Collection entries:
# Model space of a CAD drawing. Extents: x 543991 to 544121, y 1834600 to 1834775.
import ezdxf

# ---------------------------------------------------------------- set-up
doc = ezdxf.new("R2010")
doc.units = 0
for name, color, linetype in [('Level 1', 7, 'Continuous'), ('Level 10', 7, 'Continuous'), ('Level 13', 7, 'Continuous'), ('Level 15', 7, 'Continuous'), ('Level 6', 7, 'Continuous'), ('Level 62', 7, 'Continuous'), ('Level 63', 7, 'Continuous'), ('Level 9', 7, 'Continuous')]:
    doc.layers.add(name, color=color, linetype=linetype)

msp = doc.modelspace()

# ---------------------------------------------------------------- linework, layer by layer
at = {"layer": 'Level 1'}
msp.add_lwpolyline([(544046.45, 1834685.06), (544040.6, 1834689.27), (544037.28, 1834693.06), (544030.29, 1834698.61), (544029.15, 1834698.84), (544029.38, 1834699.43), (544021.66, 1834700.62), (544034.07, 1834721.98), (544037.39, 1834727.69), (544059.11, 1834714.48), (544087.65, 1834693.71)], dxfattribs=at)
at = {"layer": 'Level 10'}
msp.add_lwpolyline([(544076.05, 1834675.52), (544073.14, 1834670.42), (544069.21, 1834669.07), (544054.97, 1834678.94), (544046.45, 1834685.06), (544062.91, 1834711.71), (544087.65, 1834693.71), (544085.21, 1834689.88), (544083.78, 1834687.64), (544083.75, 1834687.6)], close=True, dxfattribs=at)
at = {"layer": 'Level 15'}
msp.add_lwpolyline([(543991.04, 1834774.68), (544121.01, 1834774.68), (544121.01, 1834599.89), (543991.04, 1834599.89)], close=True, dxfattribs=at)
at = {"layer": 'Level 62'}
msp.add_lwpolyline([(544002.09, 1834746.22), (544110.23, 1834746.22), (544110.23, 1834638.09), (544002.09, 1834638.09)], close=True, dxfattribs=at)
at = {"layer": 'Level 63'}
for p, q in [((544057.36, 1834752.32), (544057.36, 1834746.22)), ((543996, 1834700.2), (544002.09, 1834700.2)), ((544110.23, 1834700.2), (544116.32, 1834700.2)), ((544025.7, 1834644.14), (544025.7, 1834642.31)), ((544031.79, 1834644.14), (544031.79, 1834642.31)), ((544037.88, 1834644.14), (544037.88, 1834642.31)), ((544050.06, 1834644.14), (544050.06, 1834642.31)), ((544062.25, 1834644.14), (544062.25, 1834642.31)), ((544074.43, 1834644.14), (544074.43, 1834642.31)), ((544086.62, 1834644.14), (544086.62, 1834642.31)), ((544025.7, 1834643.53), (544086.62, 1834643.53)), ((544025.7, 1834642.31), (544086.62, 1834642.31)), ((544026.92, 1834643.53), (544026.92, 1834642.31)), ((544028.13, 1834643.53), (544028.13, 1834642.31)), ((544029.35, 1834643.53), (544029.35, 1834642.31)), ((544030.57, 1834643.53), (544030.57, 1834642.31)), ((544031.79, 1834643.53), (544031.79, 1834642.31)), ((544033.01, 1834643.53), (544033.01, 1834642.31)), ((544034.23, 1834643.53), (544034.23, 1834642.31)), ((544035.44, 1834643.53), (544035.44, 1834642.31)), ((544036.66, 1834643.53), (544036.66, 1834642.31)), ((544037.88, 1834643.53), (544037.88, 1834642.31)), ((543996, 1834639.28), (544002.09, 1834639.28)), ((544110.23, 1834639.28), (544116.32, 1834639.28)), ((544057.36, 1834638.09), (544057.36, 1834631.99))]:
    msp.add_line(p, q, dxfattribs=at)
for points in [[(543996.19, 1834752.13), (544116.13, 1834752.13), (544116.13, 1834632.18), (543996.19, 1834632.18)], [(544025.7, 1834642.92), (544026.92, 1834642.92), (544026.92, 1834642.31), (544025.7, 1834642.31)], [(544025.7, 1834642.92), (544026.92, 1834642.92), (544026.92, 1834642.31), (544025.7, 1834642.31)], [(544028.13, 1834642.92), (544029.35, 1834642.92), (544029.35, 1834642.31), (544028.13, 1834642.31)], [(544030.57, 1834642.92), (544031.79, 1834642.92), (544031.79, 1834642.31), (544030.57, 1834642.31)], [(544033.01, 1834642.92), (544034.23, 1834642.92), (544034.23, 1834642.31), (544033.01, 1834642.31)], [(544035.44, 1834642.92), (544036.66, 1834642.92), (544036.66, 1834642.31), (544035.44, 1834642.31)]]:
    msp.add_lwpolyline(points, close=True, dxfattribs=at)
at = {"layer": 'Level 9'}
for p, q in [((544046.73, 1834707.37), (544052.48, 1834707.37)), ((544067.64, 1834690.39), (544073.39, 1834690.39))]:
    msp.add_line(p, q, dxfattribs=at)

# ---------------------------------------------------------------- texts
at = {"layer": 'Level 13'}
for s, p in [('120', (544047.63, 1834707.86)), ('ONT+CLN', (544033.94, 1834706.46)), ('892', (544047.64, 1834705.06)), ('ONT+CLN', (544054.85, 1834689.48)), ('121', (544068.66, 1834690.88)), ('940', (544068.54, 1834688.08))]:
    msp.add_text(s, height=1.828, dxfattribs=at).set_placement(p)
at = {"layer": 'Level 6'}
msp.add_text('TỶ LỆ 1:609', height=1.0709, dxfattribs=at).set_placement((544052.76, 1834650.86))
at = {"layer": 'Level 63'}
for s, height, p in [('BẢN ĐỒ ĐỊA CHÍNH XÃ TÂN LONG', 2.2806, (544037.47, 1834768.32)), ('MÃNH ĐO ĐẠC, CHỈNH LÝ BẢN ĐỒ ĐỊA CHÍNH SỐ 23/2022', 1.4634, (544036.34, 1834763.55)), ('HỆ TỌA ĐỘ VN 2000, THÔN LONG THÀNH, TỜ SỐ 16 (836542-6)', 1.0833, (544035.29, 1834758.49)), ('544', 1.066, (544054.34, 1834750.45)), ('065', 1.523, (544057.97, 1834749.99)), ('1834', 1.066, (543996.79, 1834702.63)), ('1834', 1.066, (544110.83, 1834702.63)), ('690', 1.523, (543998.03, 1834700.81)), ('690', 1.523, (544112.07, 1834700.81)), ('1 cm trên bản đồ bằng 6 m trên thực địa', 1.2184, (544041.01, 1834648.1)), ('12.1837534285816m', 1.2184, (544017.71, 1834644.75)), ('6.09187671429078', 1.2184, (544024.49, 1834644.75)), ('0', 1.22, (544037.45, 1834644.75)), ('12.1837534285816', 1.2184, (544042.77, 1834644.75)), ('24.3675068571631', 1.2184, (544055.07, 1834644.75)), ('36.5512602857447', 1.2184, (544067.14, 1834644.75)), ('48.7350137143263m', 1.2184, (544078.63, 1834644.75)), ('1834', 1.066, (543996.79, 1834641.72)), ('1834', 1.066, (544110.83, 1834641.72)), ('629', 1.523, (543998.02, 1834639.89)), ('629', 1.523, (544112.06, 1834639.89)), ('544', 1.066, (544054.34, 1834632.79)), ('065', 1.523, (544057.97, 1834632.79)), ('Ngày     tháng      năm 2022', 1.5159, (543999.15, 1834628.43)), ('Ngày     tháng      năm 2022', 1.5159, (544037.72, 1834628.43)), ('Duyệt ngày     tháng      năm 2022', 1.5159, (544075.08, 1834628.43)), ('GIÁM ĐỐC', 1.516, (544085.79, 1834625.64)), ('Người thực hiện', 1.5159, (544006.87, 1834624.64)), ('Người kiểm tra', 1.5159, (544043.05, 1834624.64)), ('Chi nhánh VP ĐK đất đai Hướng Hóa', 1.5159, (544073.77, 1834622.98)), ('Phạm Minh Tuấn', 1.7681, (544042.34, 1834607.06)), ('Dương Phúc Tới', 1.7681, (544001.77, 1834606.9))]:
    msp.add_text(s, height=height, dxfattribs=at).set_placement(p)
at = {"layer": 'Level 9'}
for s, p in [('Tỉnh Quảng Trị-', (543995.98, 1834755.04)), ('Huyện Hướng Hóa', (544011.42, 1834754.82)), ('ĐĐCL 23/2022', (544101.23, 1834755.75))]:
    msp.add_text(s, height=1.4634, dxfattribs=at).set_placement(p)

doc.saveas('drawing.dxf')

Work required:
What lines above hold the word "points"? Pull each one out.

Solution to this problem:
for points in [[(543996.19, 1834752.13), (544116.13, 1834752.13), (544116.13, 1834632.18), (543996.19, 1834632.18)], [(544025.7, 1834642.92), (544026.92, 1834642.92), (544026.92, 1834642.31), (544025.7, 1834642.31)], [(544025.7, 1834642.92), (544026.92, 1834642.92), (544026.92, 1834642.31), (544025.7, 1834642.31)], [(544028.13, 1834642.92), (544029.35, 1834642.92), (544029.35, 1834642.31), (544028.13, 1834642.31)], [(544030.57, 1834642.92), (544031.79, 1834642.92), (544031.79, 1834642.31), (544030.57, 1834642.31)], [(544033.01, 1834642.92), (544034.23, 1834642.92), (544034.23, 1834642.31), (544033.01, 1834642.31)], [(544035.44, 1834642.92), (544036.66, 1834642.92), (544036.66, 1834642.31), (544035.44, 1834642.31)]]:
    msp.add_lwpolyline(points, close=True, dxfattribs=at)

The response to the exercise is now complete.